Saturday, June 11, 2005

And maybe we'll even talk euros again! 

The NARN will be at White Bear Lake Superstore today, 12-3pm for a live broadcast. Just before going to bed last night I checked the other NARN blogs (don't you love that little aggregator in the NARN flash site?) and found Captain Ed had announced the news of a new deal to relieve the debt of the poorest countries, mostly in Africa. This came after an agreement between the Blair government and the Bush administration earlier in the day. Ed thinks this is a good idea -- I wrote to say I did not and that we should debate this point. Here's why:

Bob Subrick at Stationary Bandit
cuts to the heart of the matter with a single question:
How does this change the incentives of public officials that led to the debt in the first place?
The answer of course is that it doesn't.
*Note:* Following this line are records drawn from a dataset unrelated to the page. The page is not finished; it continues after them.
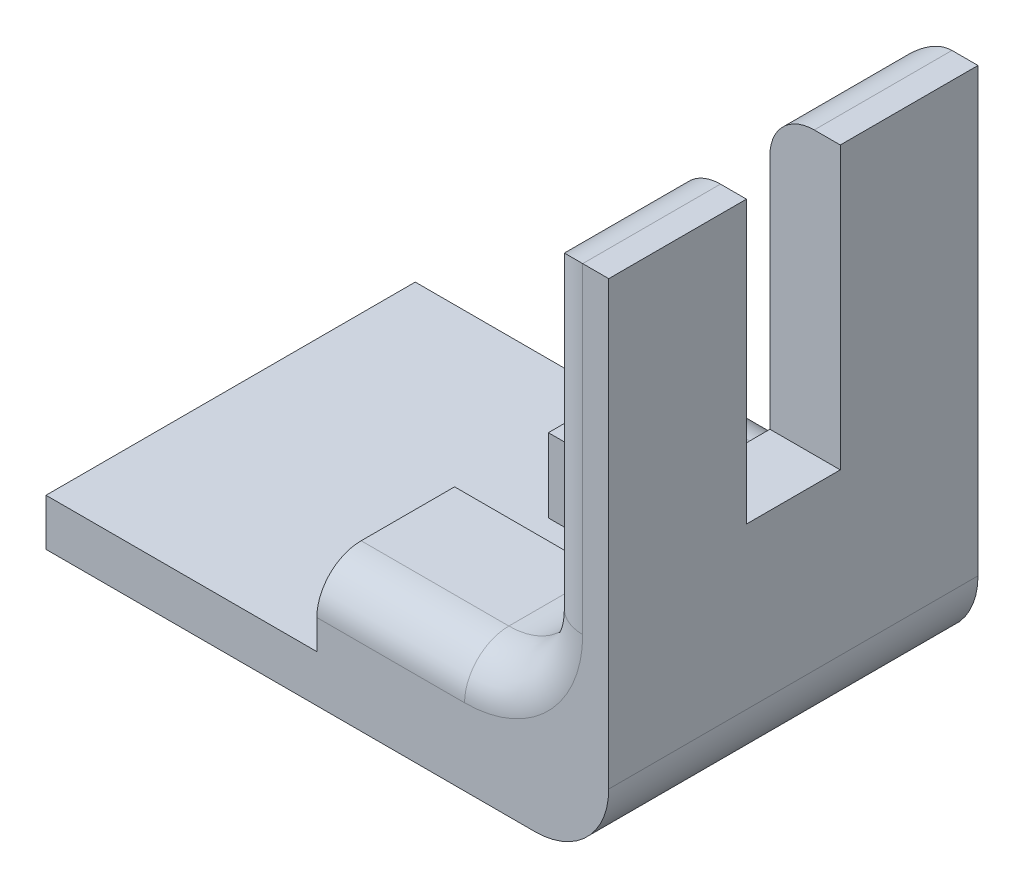
ISO-10303-21;
HEADER;
FILE_DESCRIPTION(('STEP AP214'),'2;1');
FILE_NAME('part.step','',(''),(''),'','','');
FILE_SCHEMA(('AUTOMOTIVE_DESIGN { 1 0 10303 214 1 1 1 1 }'));
ENDSEC;
DATA;
#1=APPLICATION_CONTEXT('core data for automotive mechanical design processes');
#2=APPLICATION_PROTOCOL_DEFINITION('international standard','automotive_design',2000,#1);
#3=PRODUCT_CONTEXT('',#1,'mechanical');
#4=PRODUCT('Part','Part','',(#3));
#5=PRODUCT_RELATED_PRODUCT_CATEGORY('part','',(#4));
#6=PRODUCT_DEFINITION_FORMATION('','',#4);
#7=PRODUCT_DEFINITION_CONTEXT('part definition',#1,'design');
#8=PRODUCT_DEFINITION('design','',#6,#7);
#9=PRODUCT_DEFINITION_SHAPE('','',#8);
#10=(LENGTH_UNIT() NAMED_UNIT(*) SI_UNIT(.MILLI.,.METRE.));
#11=(NAMED_UNIT(*) PLANE_ANGLE_UNIT() SI_UNIT($,.RADIAN.));
#12=(NAMED_UNIT(*) SI_UNIT($,.STERADIAN.) SOLID_ANGLE_UNIT());
#13=UNCERTAINTY_MEASURE_WITH_UNIT(LENGTH_MEASURE(1.E-05),#10,'distance_accuracy_value','');
#14=(GEOMETRIC_REPRESENTATION_CONTEXT(3) GLOBAL_UNCERTAINTY_ASSIGNED_CONTEXT((#13)) GLOBAL_UNIT_ASSIGNED_CONTEXT((#10,
#11,#12)) REPRESENTATION_CONTEXT('',''));
#15=CARTESIAN_POINT('',(0.,0.,0.));
#16=DIRECTION('',(0.,0.,1.));
#17=DIRECTION('',(1.,0.,0.));
#18=AXIS2_PLACEMENT_3D('',#15,#16,#17);
#19=CARTESIAN_POINT('',(-18.8607042124503,16.35,-11.4501236802198));
#20=DIRECTION('',(1.,0.,0.));
#21=DIRECTION('',(0.,0.,-1.));
#22=AXIS2_PLACEMENT_3D('',#19,#20,#21);
#23=PLANE('',#22);
#24=DIRECTION('',(0.,-1.,0.));
#25=VECTOR('',#24,1.);
#26=CARTESIAN_POINT('',(-18.8607042124503,16.35,38.5498763197802));
#27=LINE('',#26,#25);
#28=CARTESIAN_POINT('',(-18.8607042124503,10.35,38.5498763197802));
#29=VERTEX_POINT('',#28);
#30=CARTESIAN_POINT('',(-18.8607042124503,6.35,38.5498763197802));
#31=VERTEX_POINT('',#30);
#32=EDGE_CURVE('E237',#29,#31,#27,.T.);
#33=ORIENTED_EDGE('',*,*,#32,.F.);
#34=CARTESIAN_POINT('',(-18.8607042124503,10.35,32.5498763197802));
#35=DIRECTION('',(1.,0.,0.));
#36=DIRECTION('',(0.,0.,-1.));
#37=AXIS2_PLACEMENT_3D('',#34,#35,#36);
#38=CIRCLE('',#37,6.);
#39=CARTESIAN_POINT('',(-18.8607042124503,16.35,32.5498763197802));
#40=VERTEX_POINT('',#39);
#41=EDGE_CURVE('E333',#29,#40,#38,.F.);
#42=ORIENTED_EDGE('',*,*,#41,.T.);
#43=DIRECTION('',(0.,0.,1.));
#44=VECTOR('',#43,1.);
#45=CARTESIAN_POINT('',(-18.8607042124503,16.35,-11.4501236802198));
#46=LINE('',#45,#44);
#47=CARTESIAN_POINT('',(-18.8607042124503,16.35,19.8998763197802));
#48=VERTEX_POINT('',#47);
#49=EDGE_CURVE('E238',#48,#40,#46,.T.);
#50=ORIENTED_EDGE('',*,*,#49,.F.);
#51=DIRECTION('',(0.,1.,0.));
#52=VECTOR('',#51,1.);
#53=CARTESIAN_POINT('',(-18.8607042124503,6.35,19.8998763197802));
#54=LINE('',#53,#52);
#55=CARTESIAN_POINT('',(-18.8607042124503,6.35,19.8998763197802));
#56=VERTEX_POINT('',#55);
#57=EDGE_CURVE('E232',#56,#48,#54,.T.);
#58=ORIENTED_EDGE('',*,*,#57,.F.);
#59=DIRECTION('',(0.,0.,1.));
#60=VECTOR('',#59,1.);
#61=CARTESIAN_POINT('',(-18.8607042124503,6.35,-11.4501236802198));
#62=LINE('',#61,#60);
#63=EDGE_CURVE('E231',#56,#31,#62,.T.);
#64=ORIENTED_EDGE('',*,*,#63,.T.);
#65=EDGE_LOOP('',(#33,#42,#50,#58,#64));
#66=FACE_BOUND('',#65,.T.);
#67=ADVANCED_FACE('F35',(#66),#23,.F.);
#68=CARTESIAN_POINT('',(0.,16.35,0.));
#69=DIRECTION('',(0.,-1.,0.));
#70=DIRECTION('',(0.,0.,-1.));
#71=AXIS2_PLACEMENT_3D('',#68,#69,#70);
#72=PLANE('',#71);
#73=ORIENTED_EDGE('',*,*,#49,.T.);
#74=DIRECTION('',(1.,0.,0.));
#75=VECTOR('',#74,1.);
#76=CARTESIAN_POINT('',(0.,16.35,32.5498763197802));
#77=LINE('',#76,#75);
#78=CARTESIAN_POINT('',(1.1392957875497,16.35,32.5498763197802));
#79=VERTEX_POINT('',#78);
#80=EDGE_CURVE('E324',#40,#79,#77,.T.);
#81=ORIENTED_EDGE('',*,*,#80,.T.);
#82=DIRECTION('',(0.,0.,-1.));
#83=VECTOR('',#82,1.);
#84=CARTESIAN_POINT('',(1.1392957875497,16.35,19.8998763197802));
#85=LINE('',#84,#83);
#86=CARTESIAN_POINT('',(1.13929578754969,16.35,19.8998763197802));
#87=VERTEX_POINT('',#86);
#88=EDGE_CURVE('E304',#79,#87,#85,.T.);
#89=ORIENTED_EDGE('',*,*,#88,.T.);
#90=DIRECTION('',(1.,0.,0.));
#91=VECTOR('',#90,1.);
#92=CARTESIAN_POINT('',(-18.8607042124503,16.35,19.8998763197802));
#93=LINE('',#92,#91);
#94=EDGE_CURVE('E220',#48,#87,#93,.T.);
#95=ORIENTED_EDGE('',*,*,#94,.F.);
#96=EDGE_LOOP('',(#73,#81,#89,#95));
#97=FACE_BOUND('',#96,.T.);
#98=ADVANCED_FACE('F468',(#97),#72,.F.);
#99=CARTESIAN_POINT('',(0.,6.35,0.));
#100=DIRECTION('',(0.,1.,0.));
#101=DIRECTION('',(0.,0.,1.));
#102=AXIS2_PLACEMENT_3D('',#99,#100,#101);
#103=PLANE('',#102);
#104=DIRECTION('',(1.,0.,0.));
#105=VECTOR('',#104,1.);
#106=CARTESIAN_POINT('',(-55.5357042124503,6.35,38.5498763197802));
#107=LINE('',#106,#105);
#108=CARTESIAN_POINT('',(-55.5357042124503,6.35,38.5498763197802));
#109=VERTEX_POINT('',#108);
#110=EDGE_CURVE('E279',#109,#31,#107,.T.);
#111=ORIENTED_EDGE('',*,*,#110,.T.);
#112=ORIENTED_EDGE('',*,*,#63,.F.);
#113=DIRECTION('',(1.,0.,0.));
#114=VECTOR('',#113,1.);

This aid is akin to sending my kid to college with a credit card, having him max it out on pot and beer, and then paying it all off and telling him to use the card more wisely next time. If you do this, you usually find the card re-mexxed a few months later. But even that metaphor fails: It's more like giving your kid the money to pay the bill, only to find he's wasted that on the finer aspects of college dorm life. Former World Bank chief economist William Easterly explains:

The mythology of African debt is that huge amounts of money are being sucked out of the continent to go to international creditors. The truth is that much of Africa's debt has been fictional for a long time. When the debtors had difficulty coming up with the repayments, creditors gave new loans, postponed the repayment of old loans, or forgave the old loans altogether. The G7 has already spent 20 years giving ever more debt relief to Africa at each successive summit. Maybe the best argument for dropping the debt is just to end this charade, freeing up the time of people such as Geldof, G7 politicians and African leaders to concentrate on the real problems of African aid.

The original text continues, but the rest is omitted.